Interestingly, the Intel compiler does the simpler jump method

push   <mutex>                     ; push argument
call   <pthread_mutex_trylock>
pop    %ecx                        ; get return addr on top
test   %eax,%eax                   ; AND %eax,%eax
jne    <trylock+0x16>  --------+   ; if that wasn't 0, jump out
addl   $0x1,<acquires_count>   |
ret                    <-------+   ; done!

Frankly I have no idea which one is faster/better (I would guess the second one because you don't always dirty a cache line, but you'd have to measure that against the cost of the branch) but obviously GCC thinks one thing and Intel thinks another and I bet if you put them in a room together you would end up with 3 opinions!

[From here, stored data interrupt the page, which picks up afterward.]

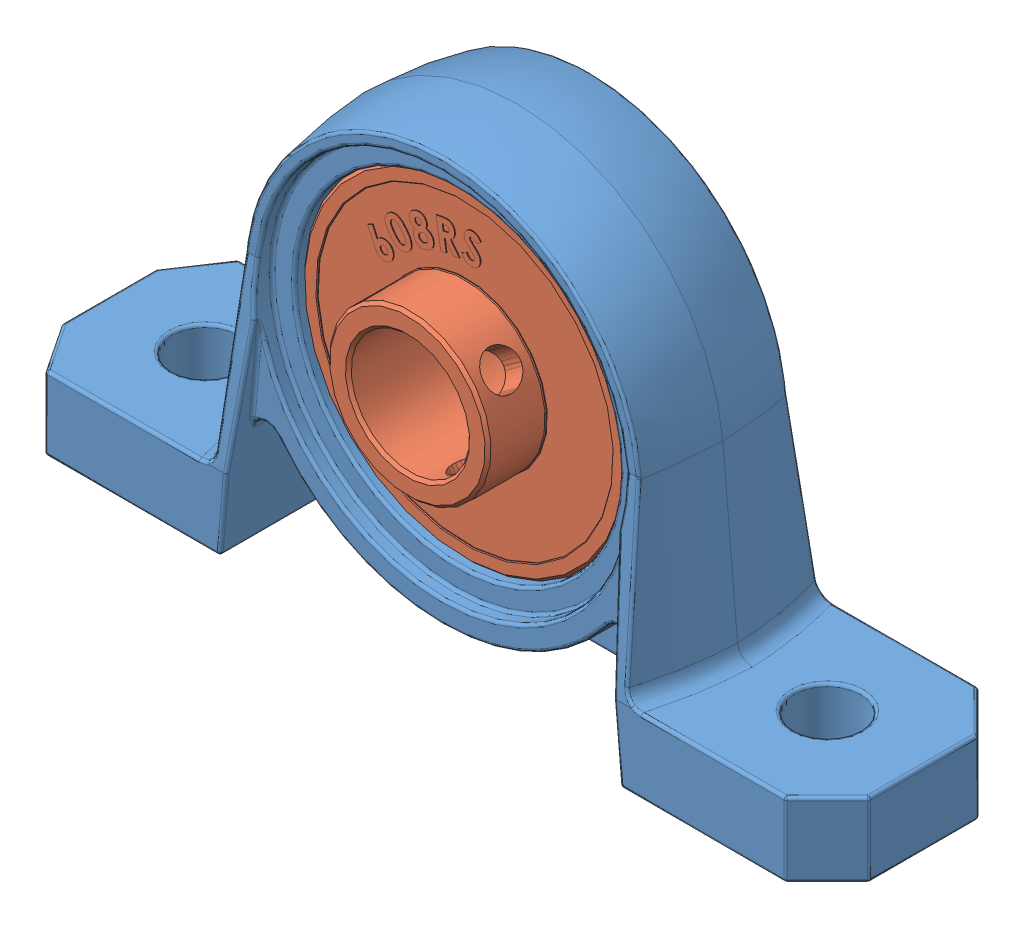
SolidWorks assembly KP08, configuration Default. Lengths in mm.
Overall size (55 40.88 13.92).
2 component instances, 2 part files, 4 mates.
Components (placement in the parent):
- KP08-2: KP08 [По умолчанию] at (2.2899 16 0) size (55 40.88 13.13)
- 608RS-2: 608RS [Default] at (2.2899 16 -3.5) x (0.16403 0.986455 0) z (0 0 1) size (22 22 10.85)
Mates (geometry in assembly coordinates):
- Концентричный2: concentric aligned: cylinder of KP08-2 through (2.2899 16 5) axis (0 0 -1) radius 11; cylinder of 608RS-2 through (2.2899 16 3.5) axis (0 0 -1) radius 11
- Расстояние1: distance = 0.5 mm aligned: plane of 608RS-2 through (2.2899 16 -3.5) normal (0 0 -1); plane of KP08-2 through (2.2899 16 -4) normal (0 0 -1)
- Совпадение2: coincident aligned: circle of KP08-2; plane of assembly through (0 0 0) normal (0 0 1)
- Совпадение3: coincident anti-aligned: plane of KP08-2 through (2.2899 0 6.5) normal (0 -1 0); plane of assembly through (0 0 0) normal (0 1 0)

I think the major point is that once upon a time it was mostly people writing kernels doing things like accessing I/O ports or other memory mapped areas that needed to be very careful the compiler didn't optimise out (or in) something incorrectly. With multi-threaded C code that problem moves up to the application developer too.

A different instruction set can help here. The Itanium version is possibly less prone to this sort of thing because predication makes it faster to implement conditional branches -- any instruction with a predicate that is not set is skipped. The load and add is safe because it will only be done with the lock held. However, if anyone is wondering why Itanium come with such big caches, the difference between the 6 line version and the Itanium version below should answer that.

[MII]       alloc r32=ar.pfs,4,3,0               ; alloc stack frame
            mov r33=b0                           ; return pointer
            mov r34=r1
[MMI]       addl r14=72,r1;;                     ; r11 = &mutex from GOT
            ld8 r11=[r14]                        ;
            nop.i 0x0;;
[MIB]       mov r35=r11                          ; put into argument 1
            nop.i 0x0
            br.call.sptk.few b0=<pthread_mutex_trylock>
[MII]       cmp4.eq.unc p0,p6=r8,r0              ; if result !0, set predicate p6
            mov.i ar.pfs=r32
            mov r1=r34;;                         ; load acquires_count from GOT
[MIB]       addl r10=144,r1                      ;
            nop.i 0x0
      (p06) br.cond.dptk.few <trylock+0x80>;;    ; jump to [1] if p6 set
[MII]       ld4 r9=[r10]
            mov b0=r33
            addl r3=144,r1;;
[MMI]       adds r2=1,r9;;                       ; acquires_count++
            st4 [r3]=r2                          ; save updated value
            nop.i 0x0
[MIB]       nop.m 0x0                            ; [1]
            nop.i 0x0
            br.few <trylock+0x90>;;              ; jump to [2]
[MII]       nop.m 0x0
            mov b0=r33
            nop.i 0x0;;
[MIB]       nop.m 0x0                            ; [2]
            nop.i 0x0
            br.ret.sptk.many b0;;

I guess the moral of the story is that multi-threading is hard, but we knew that anyway.